Could someone please post a picture of the 2010 585 Ultra?


----------



## bedazzle410

Also why they are at it please post Look 595 origin and Ultra with the premium black paint job.


----------



## Kees

Don't see a 585 ultra but this is the 595 ultra


----------



## Guest

Maybe those schemes will grow on me but I'm not in love with them at first glance.


----------



## maximum7

Here's a link to all the 2010 Look bikes. 
http://www.cyclesuperstore.ie/shop/...egory=0&order=3&quicksearch=1&keyword=LOOK+10

I don't see a 585 Ultra. Is that telling us something?


----------



## skepticman

They are missing at least the black/white 585 Origin.
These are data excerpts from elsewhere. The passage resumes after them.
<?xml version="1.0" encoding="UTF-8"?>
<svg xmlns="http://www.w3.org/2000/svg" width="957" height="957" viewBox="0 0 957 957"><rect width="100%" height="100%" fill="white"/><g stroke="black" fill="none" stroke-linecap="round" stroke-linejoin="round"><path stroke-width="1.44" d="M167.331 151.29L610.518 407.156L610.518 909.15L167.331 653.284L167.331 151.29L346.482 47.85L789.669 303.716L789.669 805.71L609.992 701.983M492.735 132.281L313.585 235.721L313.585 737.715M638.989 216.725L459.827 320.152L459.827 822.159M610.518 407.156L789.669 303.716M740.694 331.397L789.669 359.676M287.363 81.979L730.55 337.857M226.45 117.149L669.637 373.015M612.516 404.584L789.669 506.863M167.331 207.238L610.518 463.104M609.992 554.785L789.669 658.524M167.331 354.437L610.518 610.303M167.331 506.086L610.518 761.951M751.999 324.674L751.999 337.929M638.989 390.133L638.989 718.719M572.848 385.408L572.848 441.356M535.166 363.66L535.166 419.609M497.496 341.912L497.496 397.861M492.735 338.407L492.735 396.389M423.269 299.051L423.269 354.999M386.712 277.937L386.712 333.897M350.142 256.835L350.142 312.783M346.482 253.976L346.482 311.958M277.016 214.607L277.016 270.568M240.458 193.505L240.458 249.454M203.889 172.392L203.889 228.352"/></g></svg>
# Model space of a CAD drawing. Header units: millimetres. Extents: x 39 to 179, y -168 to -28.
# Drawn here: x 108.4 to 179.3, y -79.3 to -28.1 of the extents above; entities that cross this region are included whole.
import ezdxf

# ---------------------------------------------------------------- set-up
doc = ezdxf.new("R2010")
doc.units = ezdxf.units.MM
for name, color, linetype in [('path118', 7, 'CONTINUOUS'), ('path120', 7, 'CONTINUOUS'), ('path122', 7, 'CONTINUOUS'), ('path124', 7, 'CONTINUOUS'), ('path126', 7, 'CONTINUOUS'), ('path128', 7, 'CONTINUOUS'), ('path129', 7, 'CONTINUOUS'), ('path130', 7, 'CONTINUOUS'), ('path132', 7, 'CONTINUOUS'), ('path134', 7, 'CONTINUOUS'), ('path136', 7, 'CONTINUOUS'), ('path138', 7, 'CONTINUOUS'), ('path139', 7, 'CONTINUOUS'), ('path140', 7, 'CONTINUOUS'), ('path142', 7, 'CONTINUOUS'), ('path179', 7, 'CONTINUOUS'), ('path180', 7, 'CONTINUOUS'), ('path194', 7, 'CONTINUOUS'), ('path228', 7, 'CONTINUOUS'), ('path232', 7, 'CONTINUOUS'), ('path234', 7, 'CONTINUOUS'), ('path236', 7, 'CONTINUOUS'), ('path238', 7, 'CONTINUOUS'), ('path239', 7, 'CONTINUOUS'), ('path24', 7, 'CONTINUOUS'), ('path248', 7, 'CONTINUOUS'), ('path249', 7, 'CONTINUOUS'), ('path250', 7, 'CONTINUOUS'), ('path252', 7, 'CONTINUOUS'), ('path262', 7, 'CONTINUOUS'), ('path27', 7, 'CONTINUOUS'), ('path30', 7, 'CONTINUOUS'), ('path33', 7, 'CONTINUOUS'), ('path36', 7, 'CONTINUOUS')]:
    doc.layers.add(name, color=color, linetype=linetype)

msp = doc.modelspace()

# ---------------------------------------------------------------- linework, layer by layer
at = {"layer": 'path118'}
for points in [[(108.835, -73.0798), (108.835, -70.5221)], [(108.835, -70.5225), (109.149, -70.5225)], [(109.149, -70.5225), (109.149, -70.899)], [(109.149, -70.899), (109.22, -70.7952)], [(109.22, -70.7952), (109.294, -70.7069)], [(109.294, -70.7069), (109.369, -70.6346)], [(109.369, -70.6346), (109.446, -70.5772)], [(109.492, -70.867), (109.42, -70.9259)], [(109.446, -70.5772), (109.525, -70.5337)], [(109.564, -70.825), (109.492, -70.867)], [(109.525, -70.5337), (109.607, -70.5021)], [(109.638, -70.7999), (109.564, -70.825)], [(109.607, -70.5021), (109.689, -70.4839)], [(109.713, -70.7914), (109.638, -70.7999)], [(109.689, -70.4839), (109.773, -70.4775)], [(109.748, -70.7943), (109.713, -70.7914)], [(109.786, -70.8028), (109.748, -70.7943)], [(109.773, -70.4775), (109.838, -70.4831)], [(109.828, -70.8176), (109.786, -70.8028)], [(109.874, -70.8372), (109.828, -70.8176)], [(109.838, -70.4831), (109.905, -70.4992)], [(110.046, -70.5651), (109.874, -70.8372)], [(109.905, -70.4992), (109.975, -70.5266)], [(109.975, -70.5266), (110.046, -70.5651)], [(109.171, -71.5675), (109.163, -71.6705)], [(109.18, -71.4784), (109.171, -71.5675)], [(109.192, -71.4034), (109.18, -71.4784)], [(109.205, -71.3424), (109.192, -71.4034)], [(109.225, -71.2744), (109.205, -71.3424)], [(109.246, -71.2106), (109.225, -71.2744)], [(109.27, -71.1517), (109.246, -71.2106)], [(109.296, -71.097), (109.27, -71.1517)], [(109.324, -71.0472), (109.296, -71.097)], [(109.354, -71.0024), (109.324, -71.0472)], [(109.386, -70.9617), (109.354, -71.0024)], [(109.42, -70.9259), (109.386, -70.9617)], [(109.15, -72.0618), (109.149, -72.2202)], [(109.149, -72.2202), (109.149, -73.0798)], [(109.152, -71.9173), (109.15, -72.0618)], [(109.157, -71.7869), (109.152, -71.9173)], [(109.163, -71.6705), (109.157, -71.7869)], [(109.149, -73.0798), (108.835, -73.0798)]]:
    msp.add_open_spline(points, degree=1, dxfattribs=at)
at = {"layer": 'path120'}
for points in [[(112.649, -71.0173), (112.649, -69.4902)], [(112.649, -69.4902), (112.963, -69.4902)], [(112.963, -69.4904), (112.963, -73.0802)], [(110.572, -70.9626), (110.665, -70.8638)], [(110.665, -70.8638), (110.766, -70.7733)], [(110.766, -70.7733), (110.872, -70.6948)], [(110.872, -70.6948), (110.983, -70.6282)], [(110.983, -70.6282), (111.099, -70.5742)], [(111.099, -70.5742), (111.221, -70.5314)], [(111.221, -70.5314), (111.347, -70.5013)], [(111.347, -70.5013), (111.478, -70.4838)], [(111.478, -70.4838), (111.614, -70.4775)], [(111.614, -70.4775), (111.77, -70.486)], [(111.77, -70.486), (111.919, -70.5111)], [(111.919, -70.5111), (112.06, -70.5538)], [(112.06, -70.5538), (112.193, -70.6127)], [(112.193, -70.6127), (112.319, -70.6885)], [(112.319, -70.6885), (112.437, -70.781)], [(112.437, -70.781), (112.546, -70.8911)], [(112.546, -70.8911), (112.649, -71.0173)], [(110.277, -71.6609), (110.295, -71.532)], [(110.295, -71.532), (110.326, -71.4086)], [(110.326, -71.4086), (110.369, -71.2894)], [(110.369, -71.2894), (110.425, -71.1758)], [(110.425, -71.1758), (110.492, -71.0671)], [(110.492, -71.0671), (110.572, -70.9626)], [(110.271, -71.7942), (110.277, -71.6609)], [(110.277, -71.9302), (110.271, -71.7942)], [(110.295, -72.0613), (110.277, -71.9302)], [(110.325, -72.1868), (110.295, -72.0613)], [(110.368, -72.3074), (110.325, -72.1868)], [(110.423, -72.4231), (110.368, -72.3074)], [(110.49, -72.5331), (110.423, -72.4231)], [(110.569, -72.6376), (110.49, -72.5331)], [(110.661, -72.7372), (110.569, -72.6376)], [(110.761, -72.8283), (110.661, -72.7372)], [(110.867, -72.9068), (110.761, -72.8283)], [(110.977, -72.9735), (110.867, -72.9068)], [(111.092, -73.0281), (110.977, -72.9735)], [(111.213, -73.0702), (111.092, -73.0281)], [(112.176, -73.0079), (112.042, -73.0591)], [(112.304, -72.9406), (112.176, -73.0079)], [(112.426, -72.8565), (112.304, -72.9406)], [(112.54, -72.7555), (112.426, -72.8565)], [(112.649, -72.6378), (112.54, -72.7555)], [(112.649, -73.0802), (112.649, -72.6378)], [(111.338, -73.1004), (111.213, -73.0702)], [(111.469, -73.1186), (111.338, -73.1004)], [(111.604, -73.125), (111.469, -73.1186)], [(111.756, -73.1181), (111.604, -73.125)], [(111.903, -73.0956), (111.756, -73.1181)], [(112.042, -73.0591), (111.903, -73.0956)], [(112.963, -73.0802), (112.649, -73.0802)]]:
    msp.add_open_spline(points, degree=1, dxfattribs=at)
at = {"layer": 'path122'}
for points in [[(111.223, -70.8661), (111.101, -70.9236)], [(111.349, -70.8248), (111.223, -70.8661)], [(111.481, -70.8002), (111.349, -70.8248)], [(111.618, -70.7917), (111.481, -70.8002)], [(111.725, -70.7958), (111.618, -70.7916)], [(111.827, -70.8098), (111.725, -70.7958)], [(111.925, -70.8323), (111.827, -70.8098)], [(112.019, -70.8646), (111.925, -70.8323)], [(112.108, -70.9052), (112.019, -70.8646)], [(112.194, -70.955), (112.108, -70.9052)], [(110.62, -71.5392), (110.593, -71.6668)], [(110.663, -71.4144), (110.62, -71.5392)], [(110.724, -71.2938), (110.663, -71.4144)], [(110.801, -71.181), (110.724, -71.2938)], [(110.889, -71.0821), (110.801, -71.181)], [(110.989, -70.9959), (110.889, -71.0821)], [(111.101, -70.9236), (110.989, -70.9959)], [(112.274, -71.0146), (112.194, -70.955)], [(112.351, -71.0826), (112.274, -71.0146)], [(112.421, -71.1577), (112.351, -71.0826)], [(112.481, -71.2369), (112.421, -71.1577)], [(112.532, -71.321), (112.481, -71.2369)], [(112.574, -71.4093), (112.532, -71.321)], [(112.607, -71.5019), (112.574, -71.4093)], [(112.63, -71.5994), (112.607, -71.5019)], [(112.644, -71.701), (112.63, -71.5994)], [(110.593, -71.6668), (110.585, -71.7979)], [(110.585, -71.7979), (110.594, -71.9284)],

I haven't seen a photo of it anywhere online. My LBS was able to get an image from Look.


----------



## wiz525

I love Look frames, but these just aren't that appealing. Maybe the sexiness is in person?


----------



## maximum7

> They are missing at least the black/white 585 Origin


If you select the 585 Origin, then scroll down, pick a size, then pick a color. Or here it is...
These 2010's are growing on me. I think this is a beaut. I wish I could fit on an Origin.


----------